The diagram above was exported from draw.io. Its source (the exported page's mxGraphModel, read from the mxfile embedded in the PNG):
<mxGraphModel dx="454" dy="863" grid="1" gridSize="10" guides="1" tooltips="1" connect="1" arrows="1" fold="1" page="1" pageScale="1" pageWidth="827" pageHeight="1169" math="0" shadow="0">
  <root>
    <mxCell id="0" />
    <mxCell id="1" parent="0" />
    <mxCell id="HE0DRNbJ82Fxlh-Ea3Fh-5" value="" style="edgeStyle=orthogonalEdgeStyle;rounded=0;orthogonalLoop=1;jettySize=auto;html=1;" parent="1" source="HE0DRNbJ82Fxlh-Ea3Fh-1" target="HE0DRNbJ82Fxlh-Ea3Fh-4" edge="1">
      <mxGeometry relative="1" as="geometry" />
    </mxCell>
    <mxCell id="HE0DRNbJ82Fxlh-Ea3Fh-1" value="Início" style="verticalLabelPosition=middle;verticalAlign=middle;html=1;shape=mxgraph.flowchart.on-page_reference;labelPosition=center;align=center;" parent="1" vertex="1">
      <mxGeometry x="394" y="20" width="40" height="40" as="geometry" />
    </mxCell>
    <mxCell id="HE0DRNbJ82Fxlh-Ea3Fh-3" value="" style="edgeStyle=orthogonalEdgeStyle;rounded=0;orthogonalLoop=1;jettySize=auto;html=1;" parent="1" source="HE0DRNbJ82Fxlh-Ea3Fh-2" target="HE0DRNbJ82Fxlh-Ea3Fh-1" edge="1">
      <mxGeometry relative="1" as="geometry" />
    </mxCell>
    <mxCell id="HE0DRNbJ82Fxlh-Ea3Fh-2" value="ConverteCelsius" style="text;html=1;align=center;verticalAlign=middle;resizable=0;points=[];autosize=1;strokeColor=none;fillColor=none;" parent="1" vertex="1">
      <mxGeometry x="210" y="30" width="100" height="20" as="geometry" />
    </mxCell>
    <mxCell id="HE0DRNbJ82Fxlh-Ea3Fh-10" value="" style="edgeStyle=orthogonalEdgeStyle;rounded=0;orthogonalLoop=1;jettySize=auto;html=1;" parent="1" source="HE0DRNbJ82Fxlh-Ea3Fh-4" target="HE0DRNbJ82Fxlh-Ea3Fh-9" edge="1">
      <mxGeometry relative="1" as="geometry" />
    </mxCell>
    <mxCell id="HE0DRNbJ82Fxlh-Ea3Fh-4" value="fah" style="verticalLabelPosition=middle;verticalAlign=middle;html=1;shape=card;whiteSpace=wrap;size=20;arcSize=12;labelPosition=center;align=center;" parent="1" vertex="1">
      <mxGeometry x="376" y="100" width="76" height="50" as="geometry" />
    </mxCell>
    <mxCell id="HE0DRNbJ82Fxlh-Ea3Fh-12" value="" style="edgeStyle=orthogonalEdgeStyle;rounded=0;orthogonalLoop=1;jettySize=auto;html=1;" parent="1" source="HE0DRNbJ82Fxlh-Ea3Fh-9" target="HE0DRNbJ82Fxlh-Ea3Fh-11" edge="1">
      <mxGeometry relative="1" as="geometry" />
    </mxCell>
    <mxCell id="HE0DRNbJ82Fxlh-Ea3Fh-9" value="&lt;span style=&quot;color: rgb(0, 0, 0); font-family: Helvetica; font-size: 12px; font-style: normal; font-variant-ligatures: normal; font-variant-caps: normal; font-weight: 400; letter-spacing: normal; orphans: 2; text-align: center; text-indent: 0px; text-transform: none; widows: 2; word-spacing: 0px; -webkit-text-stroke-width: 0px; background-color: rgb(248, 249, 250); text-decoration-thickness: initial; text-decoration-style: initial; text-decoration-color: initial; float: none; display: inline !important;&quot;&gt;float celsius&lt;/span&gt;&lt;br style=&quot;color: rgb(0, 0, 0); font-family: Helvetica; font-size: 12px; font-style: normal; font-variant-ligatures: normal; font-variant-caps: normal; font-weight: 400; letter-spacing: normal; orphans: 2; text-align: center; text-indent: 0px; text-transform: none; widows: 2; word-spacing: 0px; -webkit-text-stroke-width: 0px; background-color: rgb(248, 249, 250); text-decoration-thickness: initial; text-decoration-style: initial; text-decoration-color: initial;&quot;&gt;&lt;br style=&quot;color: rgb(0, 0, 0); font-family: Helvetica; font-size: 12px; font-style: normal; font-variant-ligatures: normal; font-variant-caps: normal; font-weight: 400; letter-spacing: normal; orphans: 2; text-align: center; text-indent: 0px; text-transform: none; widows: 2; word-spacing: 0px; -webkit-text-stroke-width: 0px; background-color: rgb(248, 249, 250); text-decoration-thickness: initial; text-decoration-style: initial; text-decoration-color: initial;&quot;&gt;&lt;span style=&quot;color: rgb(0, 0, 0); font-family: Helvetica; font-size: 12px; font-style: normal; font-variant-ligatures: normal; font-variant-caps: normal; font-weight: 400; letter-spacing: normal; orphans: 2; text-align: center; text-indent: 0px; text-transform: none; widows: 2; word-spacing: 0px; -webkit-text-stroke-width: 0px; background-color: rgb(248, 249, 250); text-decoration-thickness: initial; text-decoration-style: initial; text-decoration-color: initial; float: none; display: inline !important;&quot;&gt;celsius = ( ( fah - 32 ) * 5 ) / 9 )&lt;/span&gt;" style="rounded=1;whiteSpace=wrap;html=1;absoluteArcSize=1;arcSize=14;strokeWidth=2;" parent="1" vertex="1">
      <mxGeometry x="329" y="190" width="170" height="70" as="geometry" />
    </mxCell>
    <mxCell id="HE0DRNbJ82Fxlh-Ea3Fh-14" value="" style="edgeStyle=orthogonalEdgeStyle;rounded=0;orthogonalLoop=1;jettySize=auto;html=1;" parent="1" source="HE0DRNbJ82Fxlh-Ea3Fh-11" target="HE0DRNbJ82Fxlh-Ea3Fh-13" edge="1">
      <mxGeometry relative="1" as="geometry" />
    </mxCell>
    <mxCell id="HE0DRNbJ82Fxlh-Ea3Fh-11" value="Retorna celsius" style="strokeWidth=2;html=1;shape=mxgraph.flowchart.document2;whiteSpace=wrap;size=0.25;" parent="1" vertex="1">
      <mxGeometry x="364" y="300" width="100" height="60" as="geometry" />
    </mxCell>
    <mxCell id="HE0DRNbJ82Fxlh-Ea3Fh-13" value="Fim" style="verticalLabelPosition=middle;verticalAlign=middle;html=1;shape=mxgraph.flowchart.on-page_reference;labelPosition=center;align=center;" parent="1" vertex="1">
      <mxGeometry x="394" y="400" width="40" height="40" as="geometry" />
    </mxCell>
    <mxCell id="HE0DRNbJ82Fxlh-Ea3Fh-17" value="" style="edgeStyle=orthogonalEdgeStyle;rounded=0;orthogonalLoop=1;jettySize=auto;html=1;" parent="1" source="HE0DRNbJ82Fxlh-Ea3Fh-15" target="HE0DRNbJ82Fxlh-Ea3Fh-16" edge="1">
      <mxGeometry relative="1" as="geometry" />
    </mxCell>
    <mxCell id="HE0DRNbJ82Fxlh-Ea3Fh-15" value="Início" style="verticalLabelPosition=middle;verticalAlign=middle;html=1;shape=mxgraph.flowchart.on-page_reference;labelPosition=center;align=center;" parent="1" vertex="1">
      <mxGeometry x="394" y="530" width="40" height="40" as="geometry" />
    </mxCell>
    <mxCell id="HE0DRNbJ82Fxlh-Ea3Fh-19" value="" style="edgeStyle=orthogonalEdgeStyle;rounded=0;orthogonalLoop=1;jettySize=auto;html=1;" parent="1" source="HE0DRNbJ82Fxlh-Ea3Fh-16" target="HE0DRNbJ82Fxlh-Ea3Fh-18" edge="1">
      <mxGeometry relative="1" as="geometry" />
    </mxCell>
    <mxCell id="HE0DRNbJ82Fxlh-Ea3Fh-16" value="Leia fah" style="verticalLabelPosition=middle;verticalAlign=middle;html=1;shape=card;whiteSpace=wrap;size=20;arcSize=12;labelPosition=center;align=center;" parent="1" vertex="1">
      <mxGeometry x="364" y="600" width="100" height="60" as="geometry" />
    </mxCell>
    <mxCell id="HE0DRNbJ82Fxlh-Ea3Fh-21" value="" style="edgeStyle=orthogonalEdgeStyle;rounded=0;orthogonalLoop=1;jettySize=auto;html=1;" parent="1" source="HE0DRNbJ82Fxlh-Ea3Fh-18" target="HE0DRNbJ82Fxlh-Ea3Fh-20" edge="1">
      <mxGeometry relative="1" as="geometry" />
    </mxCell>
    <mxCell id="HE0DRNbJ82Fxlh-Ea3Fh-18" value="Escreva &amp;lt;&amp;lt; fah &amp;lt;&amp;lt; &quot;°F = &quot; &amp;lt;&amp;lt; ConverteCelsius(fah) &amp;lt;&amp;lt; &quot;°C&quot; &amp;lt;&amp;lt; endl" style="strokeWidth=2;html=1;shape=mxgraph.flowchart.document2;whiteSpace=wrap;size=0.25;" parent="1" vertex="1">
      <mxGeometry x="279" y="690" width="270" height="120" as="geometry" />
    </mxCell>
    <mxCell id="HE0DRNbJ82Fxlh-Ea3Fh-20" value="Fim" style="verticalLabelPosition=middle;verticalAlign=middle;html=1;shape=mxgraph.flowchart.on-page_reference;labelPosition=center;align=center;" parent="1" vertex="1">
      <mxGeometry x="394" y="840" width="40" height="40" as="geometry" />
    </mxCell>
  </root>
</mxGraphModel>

--

ASSIGNMENT —
Which lines of the data include "card"? Copy each of them.

OUTPUT OF THE TASK —
    <mxCell id="HE0DRNbJ82Fxlh-Ea3Fh-4" value="fah" style="verticalLabelPosition=middle;verticalAlign=middle;html=1;shape=card;whiteSpace=wrap;size=20;arcSize=12;labelPosition=center;align=center;" parent="1" vertex="1">
    <mxCell id="HE0DRNbJ82Fxlh-Ea3Fh-16" value="Leia fah" style="verticalLabelPosition=middle;verticalAlign=middle;html=1;shape=card;whiteSpace=wrap;size=20;arcSize=12;labelPosition=center;align=center;" parent="1" vertex="1">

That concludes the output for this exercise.